The Session Frontend should also notify you that the test has passed successfully. You may also notice that the test took 1-2 seconds, compared to the above unit test usually takes about 0.005 seconds. That difference is the major downside of these heavy integration tests. Most gameplay integration tests take closer to 10-20 seconds depending on your game. When you have thousands or tens of thousands of tests that can discourage you from running the tests regularly or even block your development team. Integration tests take longer because 1) They have to load more assets and dependencies 2) The nature of the gameplay often requires us to wait until a condition is met before we can proceed. In our case, we had to wait until the character was at the peak of the jump before either starting the next jump or checking it had reached the correct height.
Just to note, using a delay node here is actually not best practice, because there might be a lag in the jump code if you are say, loading some other heavy assets in the scene. This may cause the second jump to happen when the first jump is not near maximum elevation and hence the character will not reach the intended height. We used the delay node here to make the code simpler. A better strategy would be to check when the jump is at max elevation then fire the second jump or height test. Even using that better method still involves waiting for the max elevation of both jumps so the entire test will still be close to 1-2 seconds.
Although these kinds of gameplay tests are the truest to real gameplay as we can augment, we should try to implement the tests in different ways so as to reduce the runtime.
Keep in mind above types of tests are more guidelines than strict rules. You should have some tests that clearly fall in either category where appropriate, but you can have tests that are a bit of both. They may have large dependencies, like when spawning in a character, but also rely on UE4 to set up a very minimal test world behind the scenes, as well as, only change and test the state during a few ticks (frames). Most of these kinds of tests will be closer to unit test times rather than the integration test times we saw above.

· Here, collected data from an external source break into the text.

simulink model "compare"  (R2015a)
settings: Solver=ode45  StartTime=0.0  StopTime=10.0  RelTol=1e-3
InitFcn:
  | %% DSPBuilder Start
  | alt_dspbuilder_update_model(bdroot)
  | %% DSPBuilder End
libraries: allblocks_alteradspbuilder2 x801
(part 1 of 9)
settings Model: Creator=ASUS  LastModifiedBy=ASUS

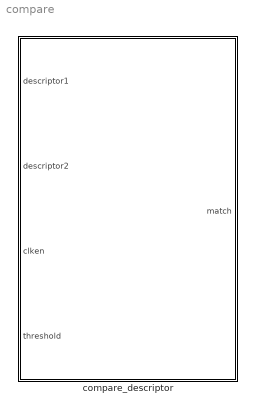
== system compare ==
  compare_descriptor : Subsystem

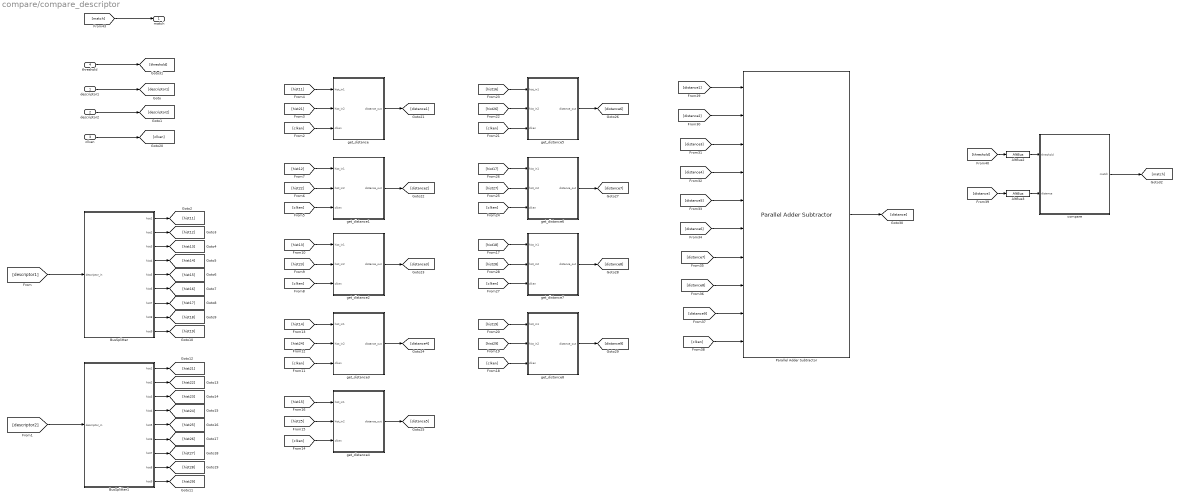
== system compare/compare_descriptor ==
  descriptor1 : Inport
  descriptor2 : Inport  Port=2
  clken : Inport  Port=3
  threshold : Inport  Port=4
  AltBus2 : allblocks_alteradspbuilder2/AltBus  BusType=Unsigned Integer  bwl=16  bwr=0  saturate=off  floatingPointInput=on  floatingPointOutput=on  logOutputs=off  logFile=C:\Users\ASUS\Desktop\final_sift_fpga\tb_compare\compare_compare%5Fdescriptor_AltBus2.fixedpointlog
  AltBus3 : allblocks_alteradspbuilder2/AltBus  BusType=Unsigned Integer  bwl=16  bwr=0  saturate=off  floatingPointInput=on  floatingPointOutput=on  logOutputs=off  logFile=C:\Users\ASUS\Desktop\final_sift_fpga\tb_compare\compare_compare%5Fdescriptor_AltBus3.fixedpointlog
  BusSplitter : Subsystem
  BusSplitter1 : Subsystem
  Parallel Adder Subtractor : allblocks_alteradspbuilder2/Parallel Adder Subtractor  number_of_inputs=9  direction=+  use_pipeline=on  pipeline_display=4  phase_selection=1  use_ena=on  use_aclr=off  allowFloatingPointOverride=on  logOutputs=off  logFile=C:\Users\ASUS\Desktop\final_sift_fpga\tb_compare\compare_compare%5Fdescriptor_Parallel+Adder+Subtractor.fixedpointlog
  compare : Subsystem
  get_distance : Subsystem
  get_distance1 : Subsystem
  get_distance2 : Subsystem
  get_distance3 : Subsystem
  get_distance4 : Subsystem
  get_distance5 : Subsystem
  get_distance6 : Subsystem
  get_distance7 : Subsystem
  get_distance8 : Subsystem
  match : Outport
  wires:
  descriptor1/1 -> [descriptor1]
  descriptor2/1 -> [descriptor2]
  [descriptor1] -> BusSplitter/1(descriptor_in)
  [descriptor2] -> BusSplitter1/1(descriptor_in)
  BusSplitter/1(hist1) -> [hist11]
  BusSplitter/2(hist2) -> [hist12]
  BusSplitter/3(hist3) -> [hist13]
  BusSplitter/4(hist4) -> [hist14]
  BusSplitter/5(hist5) -> [hist15]
  BusSplitter/6(hist6) -> [hist16]
  BusSplitter/7(hist7) -> [hist17]
  BusSplitter/8(hist8) -> [hist18]
  BusSplitter/9(hist9) -> [hist19]
  BusSplitter1/1(hist1) -> [hist21]
  BusSplitter1/2(hist2) -> [hist22]
  BusSplitter1/3(hist3) -> [hist23]
  BusSplitter1/4(hist4) -> [hist24]
  BusSplitter1/5(hist5) -> [hist25]
  BusSplitter1/6(hist6) -> [hist26]
  BusSplitter1/7(hist7) -> [hist27]
  BusSplitter1/8(hist8) -> [hist28]
  BusSplitter1/9(hist9) -> [hist29]
  clken/1 -> [clken]
  [clken] -> get_distance/3(clken)
  [hist21] -> get_distance/2(hist_in2)
  [hist11] -> get_distance/1(hist_in1)
  get_distance/1(distance_out) -> [distance1]
  [clken] -> get_distance1/3(clken)
  [hist22] -> get_distance1/2(hist_in2)
  [hist12] -> get_distance1/1(hist_in1)
  get_distance1/1(distance_out) -> [distance2]
  [clken] -> get_distance2/3(clken)
  [hist23] -> get_distance2/2(hist_in2)
  [hist13] -> get_distance2/1(hist_in1)
  get_distance2/1(distance_out) -> [distance3]
  [clken] -> get_distance3/3(clken)
  [hist24] -> get_distance3/2(hist_in2)
  [hist14] -> get_distance3/1(hist_in1)
  get_distance3/1(distance_out) -> [distance4]
  [clken] -> get_distance4/3(clken)
  [hist25] -> get_distance4/2(hist_in2)
  [hist15] -> get_distance4/1(hist_in1)
  get_distance4/1(distance_out) -> [distance5]
  [clken] -> get_distance5/3(clken)
  [hist26] -> get_distance5/2(hist_in2)
  [hist16] -> get_distance5/1(hist_in1)
  get_distance5/1(distance_out) -> [distance6]
  [clken] -> get_distance6/3(clken)
  [hist27] -> get_distance6/2(hist_in2)
  [hist17] -> get_distance6/1(hist_in1)
  get_distance6/1(distance_out) -> [distance7]
  [clken] -> get_distance7/3(clken)
  [hist28] -> get_distance7/2(hist_in2)
  [hist18] -> get_distance7/1(hist_in1)
  get_distance7/1(distance_out) -> [distance8]
  [clken] -> get_distance8/3(clken)
  [hist29] -> get_distance8/2(hist_in2)
  [hist19] -> get_distance8/1(hist_in1)
  get_distance8/1(distance_out) -> [distance9]
  [distance1] -> Parallel Adder Subtractor/1
  [distance2] -> Parallel Adder Subtractor/2
  [distance3] -> Parallel Adder Subtractor/3
  [distance4] -> Parallel Adder Subtractor/4
  [distance5] -> Parallel Adder Subtractor/5
  [distance6] -> Parallel Adder Subtractor/6
  [distance7] -> Parallel Adder Subtractor/7
  [distance8] -> Parallel Adder Subtractor/8
  [distance9] -> Parallel Adder Subtractor/9
  [clken] -> Parallel Adder Subtractor/10
  threshold/1 -> [threshold]
  [distance] -> AltBus3/1
  [threshold] -> AltBus2/1
  [match] -> match/1
  compare/1(match) -> [match]
  Parallel Adder Subtractor/1 -> [distance]
  AltBus2/1 -> compare/1(threshold)
  AltBus3/1 -> compare/2(distance)

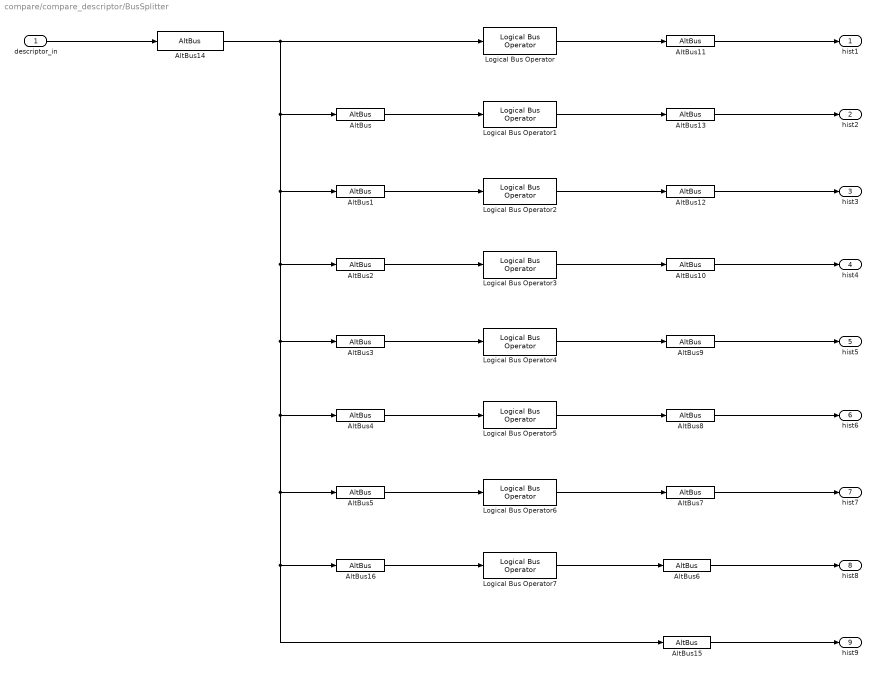
== system compare/compare_descriptor/BusSplitter ==
  descriptor_in : Inport
  AltBus : allblocks_alteradspbuilder2/AltBus  BusType=Unsigned Integer  bwl=1024  bwr=0  saturate=off  floatingPointInput=on  floatingPointOutput=on  logOutputs=off  logFile=C:\Users\ASUS\Desktop\sift_fpga\Octave_2\tb_test_final_sift\test%5Ffinal%5Fsift_sift%5Foctave1_matching_compare%5Fdescriptor_BusSplitter_AltBus.fixedpointlog
  AltBus1 : allblocks_alteradspbuilder2/AltBus  BusType=Unsigned Integer  bwl=896  bwr=0  saturate=off  floatingPointInput=on  floatingPointOutput=on  logOutputs=off  logFile=C:\Users\ASUS\Desktop\sift_fpga\Octave_2\tb_test_final_sift\test%5Ffinal%5Fsift_sift%5Foctave1_matching_compare%5Fdescriptor_BusSplitter_AltBus1.fixedpointlog
  AltBus10 : allblocks_alteradspbuilder2/AltBus  BusType=Unsigned Integer  bwl=128  bwr=0  saturate=off  floatingPointInput=on  floatingPointOutput=on  logOutputs=off  logFile=C:\Users\ASUS\Desktop\sift_fpga\Octave_2\tb_test_final_sift\test%5Ffinal%5Fsift_sift%5Foctave1_matching_compare%5Fdescriptor_BusSplitter_AltBus10.fixedpointlog
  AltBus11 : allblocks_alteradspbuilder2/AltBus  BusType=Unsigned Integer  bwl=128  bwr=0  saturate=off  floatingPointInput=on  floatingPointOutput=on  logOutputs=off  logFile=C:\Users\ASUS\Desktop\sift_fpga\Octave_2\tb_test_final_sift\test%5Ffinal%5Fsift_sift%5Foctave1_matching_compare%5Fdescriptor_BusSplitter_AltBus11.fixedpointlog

While unit test and integration (or feature) tests are the most used types of code tests, Unreal also supports: Content Stress Tests and Screen Shot Comparisions
Content Stress Tests are what they sound like, loading lots of assets or measuring values under a heavly load to check for unexpected dips in performace or crashes. These tests can be created using similar macros to those used in unit test example.
Screenshot Comparison is just an automated tool that allows your manual QA team to quickly interate through visuals to spot any rendering issues.
Smoke tests are not a separate type of test but a filter that can be added to any essential automated code test so that it can run every time the game or editor starts. Use this sparingly, as it is only for fast essential tests. Unreal’s documentation mentions that all Smoke tests should complete within 1 second.
Technical:
Organizational:
Hopefully this article has helped you understand why, when, and where automated testing can be useful in game development. We have shown you how to use the fundamental tools of Unreal’s automated testing system so you can start implementing them in your own game or experience. We have also outlined many of the technical and managerial challenges, as well as the massive benefits you will gain if you persist with the practice. It’s a long road, but worth it in the end.